What to work on: Filter the data for "message" and copy matching lines.

§

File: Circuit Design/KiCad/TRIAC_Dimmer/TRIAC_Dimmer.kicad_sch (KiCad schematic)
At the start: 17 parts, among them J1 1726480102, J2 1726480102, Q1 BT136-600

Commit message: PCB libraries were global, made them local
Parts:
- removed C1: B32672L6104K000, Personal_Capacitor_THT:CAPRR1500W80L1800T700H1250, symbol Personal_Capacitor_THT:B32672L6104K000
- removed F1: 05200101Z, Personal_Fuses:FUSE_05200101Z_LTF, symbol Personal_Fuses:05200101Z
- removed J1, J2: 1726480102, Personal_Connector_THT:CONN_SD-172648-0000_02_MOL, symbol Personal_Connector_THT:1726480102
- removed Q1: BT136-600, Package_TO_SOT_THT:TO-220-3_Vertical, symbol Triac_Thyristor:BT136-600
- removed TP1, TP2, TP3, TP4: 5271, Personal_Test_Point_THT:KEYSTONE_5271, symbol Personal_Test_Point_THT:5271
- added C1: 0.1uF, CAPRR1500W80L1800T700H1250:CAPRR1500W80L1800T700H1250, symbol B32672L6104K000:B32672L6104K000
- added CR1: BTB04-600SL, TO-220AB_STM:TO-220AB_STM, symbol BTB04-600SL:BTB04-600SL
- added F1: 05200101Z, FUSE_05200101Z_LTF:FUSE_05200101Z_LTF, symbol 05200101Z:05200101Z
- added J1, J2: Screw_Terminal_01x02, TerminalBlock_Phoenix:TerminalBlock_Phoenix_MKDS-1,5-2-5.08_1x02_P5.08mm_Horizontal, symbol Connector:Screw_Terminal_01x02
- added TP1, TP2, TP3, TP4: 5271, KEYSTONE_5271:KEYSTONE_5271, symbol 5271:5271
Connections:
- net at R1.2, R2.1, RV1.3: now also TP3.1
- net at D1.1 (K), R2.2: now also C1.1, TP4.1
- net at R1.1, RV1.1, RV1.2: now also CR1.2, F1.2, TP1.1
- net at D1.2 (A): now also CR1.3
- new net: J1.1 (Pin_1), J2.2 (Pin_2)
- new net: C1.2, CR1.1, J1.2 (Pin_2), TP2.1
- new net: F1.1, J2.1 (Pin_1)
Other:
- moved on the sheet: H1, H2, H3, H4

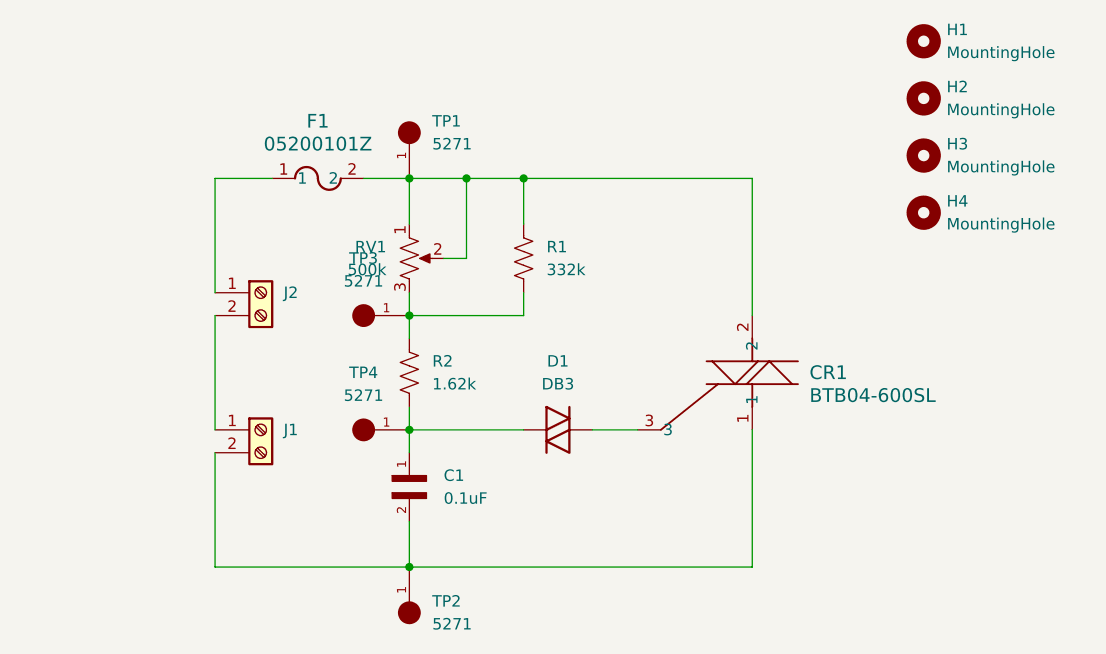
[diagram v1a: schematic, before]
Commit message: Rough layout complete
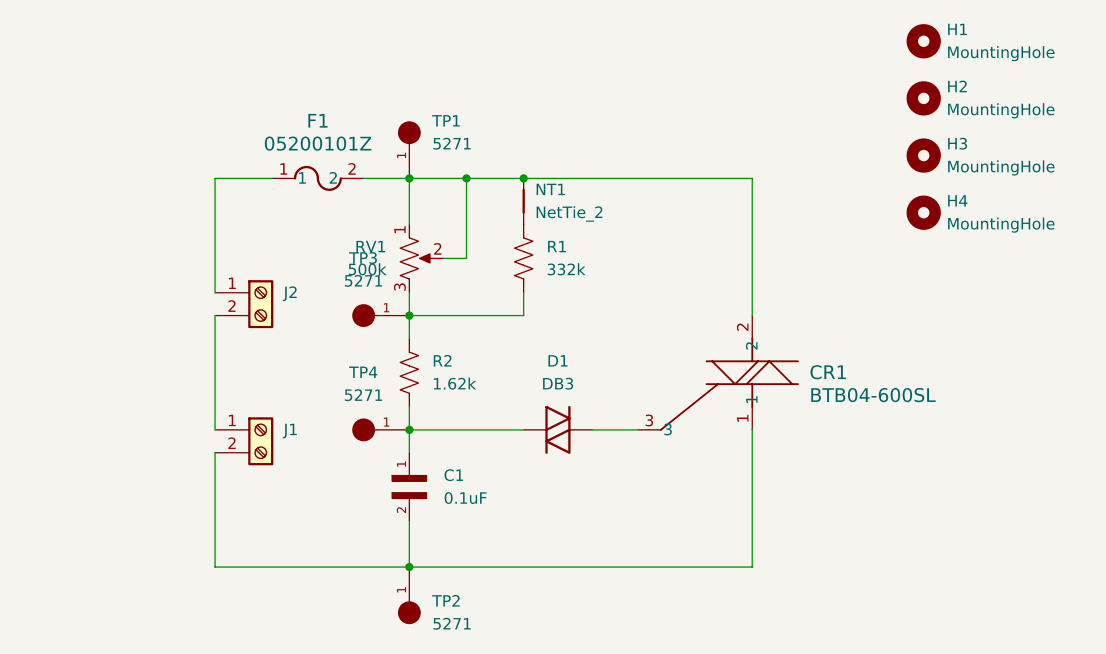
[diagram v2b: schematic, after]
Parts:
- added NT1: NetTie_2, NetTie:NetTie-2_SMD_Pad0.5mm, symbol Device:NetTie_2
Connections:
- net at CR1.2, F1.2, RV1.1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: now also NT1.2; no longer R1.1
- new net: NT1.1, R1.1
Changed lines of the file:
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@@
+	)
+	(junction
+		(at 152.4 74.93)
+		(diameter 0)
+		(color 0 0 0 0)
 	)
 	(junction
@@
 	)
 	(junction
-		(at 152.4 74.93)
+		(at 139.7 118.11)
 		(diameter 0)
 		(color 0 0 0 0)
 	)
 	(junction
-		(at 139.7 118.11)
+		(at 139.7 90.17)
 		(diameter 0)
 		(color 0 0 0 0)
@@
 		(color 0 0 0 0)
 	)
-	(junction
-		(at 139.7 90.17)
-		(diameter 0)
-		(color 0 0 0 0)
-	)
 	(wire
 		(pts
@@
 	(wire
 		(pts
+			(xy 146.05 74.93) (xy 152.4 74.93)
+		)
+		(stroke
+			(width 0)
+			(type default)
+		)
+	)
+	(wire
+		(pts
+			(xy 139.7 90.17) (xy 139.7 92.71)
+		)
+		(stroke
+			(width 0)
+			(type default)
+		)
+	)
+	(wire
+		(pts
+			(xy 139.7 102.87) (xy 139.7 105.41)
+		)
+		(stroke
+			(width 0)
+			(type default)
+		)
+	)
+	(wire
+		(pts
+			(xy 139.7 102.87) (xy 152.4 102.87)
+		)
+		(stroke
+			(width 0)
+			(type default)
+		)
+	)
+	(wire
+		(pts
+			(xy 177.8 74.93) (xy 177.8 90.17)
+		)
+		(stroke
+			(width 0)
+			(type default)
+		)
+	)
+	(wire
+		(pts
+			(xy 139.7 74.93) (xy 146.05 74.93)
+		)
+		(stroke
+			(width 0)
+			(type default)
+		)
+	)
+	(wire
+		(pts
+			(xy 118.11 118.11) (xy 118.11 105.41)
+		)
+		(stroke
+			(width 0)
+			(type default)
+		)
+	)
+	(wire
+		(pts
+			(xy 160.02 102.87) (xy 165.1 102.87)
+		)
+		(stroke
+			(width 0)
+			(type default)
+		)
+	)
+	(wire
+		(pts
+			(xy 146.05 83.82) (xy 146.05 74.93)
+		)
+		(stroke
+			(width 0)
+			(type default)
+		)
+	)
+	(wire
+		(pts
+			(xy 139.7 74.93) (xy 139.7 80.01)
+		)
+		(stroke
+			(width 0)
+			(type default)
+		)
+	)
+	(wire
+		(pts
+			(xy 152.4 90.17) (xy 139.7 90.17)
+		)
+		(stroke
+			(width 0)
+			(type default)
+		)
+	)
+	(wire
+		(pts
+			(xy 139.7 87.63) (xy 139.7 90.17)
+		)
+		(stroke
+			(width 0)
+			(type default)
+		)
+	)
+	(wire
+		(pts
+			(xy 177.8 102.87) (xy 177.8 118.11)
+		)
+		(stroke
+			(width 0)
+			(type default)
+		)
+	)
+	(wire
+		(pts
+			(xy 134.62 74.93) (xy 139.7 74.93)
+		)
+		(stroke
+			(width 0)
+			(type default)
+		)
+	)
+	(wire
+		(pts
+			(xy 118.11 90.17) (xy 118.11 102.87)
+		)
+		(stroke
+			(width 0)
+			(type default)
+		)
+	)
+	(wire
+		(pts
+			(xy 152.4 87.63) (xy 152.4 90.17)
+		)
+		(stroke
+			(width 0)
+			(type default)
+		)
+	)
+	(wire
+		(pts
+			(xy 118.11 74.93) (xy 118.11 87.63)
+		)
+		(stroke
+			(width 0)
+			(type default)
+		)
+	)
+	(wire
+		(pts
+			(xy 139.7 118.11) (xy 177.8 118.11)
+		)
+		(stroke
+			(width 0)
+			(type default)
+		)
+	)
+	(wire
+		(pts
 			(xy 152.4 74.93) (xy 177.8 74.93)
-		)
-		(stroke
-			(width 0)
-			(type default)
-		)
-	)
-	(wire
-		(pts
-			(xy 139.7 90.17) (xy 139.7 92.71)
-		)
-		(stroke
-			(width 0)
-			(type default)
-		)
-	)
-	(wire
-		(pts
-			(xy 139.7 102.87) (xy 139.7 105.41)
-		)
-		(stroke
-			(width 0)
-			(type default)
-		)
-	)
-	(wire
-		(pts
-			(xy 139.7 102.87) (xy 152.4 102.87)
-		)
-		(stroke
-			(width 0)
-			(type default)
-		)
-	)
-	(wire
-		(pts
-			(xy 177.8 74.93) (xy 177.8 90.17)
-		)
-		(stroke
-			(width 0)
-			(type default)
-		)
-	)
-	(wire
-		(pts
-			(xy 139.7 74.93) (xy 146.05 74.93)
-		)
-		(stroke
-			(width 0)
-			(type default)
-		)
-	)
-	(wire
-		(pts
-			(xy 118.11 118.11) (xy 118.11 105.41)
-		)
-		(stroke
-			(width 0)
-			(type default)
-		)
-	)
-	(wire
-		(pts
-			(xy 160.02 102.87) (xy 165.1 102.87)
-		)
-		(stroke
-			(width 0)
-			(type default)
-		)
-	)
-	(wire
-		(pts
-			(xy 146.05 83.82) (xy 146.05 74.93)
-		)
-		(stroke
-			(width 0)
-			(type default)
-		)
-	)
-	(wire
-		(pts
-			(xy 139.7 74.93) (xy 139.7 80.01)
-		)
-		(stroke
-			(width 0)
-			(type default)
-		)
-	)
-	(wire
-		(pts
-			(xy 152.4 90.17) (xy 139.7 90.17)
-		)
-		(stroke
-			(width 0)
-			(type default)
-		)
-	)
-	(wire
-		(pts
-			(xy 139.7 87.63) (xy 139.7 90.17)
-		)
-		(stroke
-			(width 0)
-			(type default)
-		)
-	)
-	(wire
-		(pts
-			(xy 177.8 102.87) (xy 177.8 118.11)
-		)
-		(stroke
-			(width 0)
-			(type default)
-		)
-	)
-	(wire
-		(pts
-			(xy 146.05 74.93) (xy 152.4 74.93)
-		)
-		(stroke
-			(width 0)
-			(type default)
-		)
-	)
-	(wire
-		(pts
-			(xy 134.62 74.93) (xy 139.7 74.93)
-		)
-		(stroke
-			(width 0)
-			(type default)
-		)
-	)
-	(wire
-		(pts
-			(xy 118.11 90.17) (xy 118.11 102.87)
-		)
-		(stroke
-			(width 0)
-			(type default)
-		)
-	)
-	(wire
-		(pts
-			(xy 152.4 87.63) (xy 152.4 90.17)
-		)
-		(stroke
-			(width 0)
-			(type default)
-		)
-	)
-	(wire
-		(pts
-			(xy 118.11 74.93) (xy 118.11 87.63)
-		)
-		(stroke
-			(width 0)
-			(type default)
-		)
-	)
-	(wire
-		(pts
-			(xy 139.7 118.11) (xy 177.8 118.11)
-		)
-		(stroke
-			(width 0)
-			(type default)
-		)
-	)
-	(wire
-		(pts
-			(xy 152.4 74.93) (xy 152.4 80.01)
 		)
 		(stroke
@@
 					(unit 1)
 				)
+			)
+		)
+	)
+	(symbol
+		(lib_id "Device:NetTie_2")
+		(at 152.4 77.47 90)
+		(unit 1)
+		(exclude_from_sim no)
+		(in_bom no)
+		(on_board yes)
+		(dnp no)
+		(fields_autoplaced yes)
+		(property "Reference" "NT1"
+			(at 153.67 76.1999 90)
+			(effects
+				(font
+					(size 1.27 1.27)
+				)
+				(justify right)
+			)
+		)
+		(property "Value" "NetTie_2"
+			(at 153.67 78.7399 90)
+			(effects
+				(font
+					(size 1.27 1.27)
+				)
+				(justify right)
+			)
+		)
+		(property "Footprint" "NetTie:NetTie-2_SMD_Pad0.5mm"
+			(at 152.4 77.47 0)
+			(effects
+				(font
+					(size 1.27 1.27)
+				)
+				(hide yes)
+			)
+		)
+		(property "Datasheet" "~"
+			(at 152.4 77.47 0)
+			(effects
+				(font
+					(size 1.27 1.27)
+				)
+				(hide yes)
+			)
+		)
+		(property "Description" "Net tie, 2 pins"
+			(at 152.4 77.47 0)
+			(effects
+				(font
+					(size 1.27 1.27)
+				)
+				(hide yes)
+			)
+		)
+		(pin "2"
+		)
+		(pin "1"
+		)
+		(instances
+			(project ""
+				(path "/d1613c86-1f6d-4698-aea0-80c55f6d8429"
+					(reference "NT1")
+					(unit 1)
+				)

§

Solution for this task:
Commit message: PCB libraries were global, made them local
Commit message: Rough layout complete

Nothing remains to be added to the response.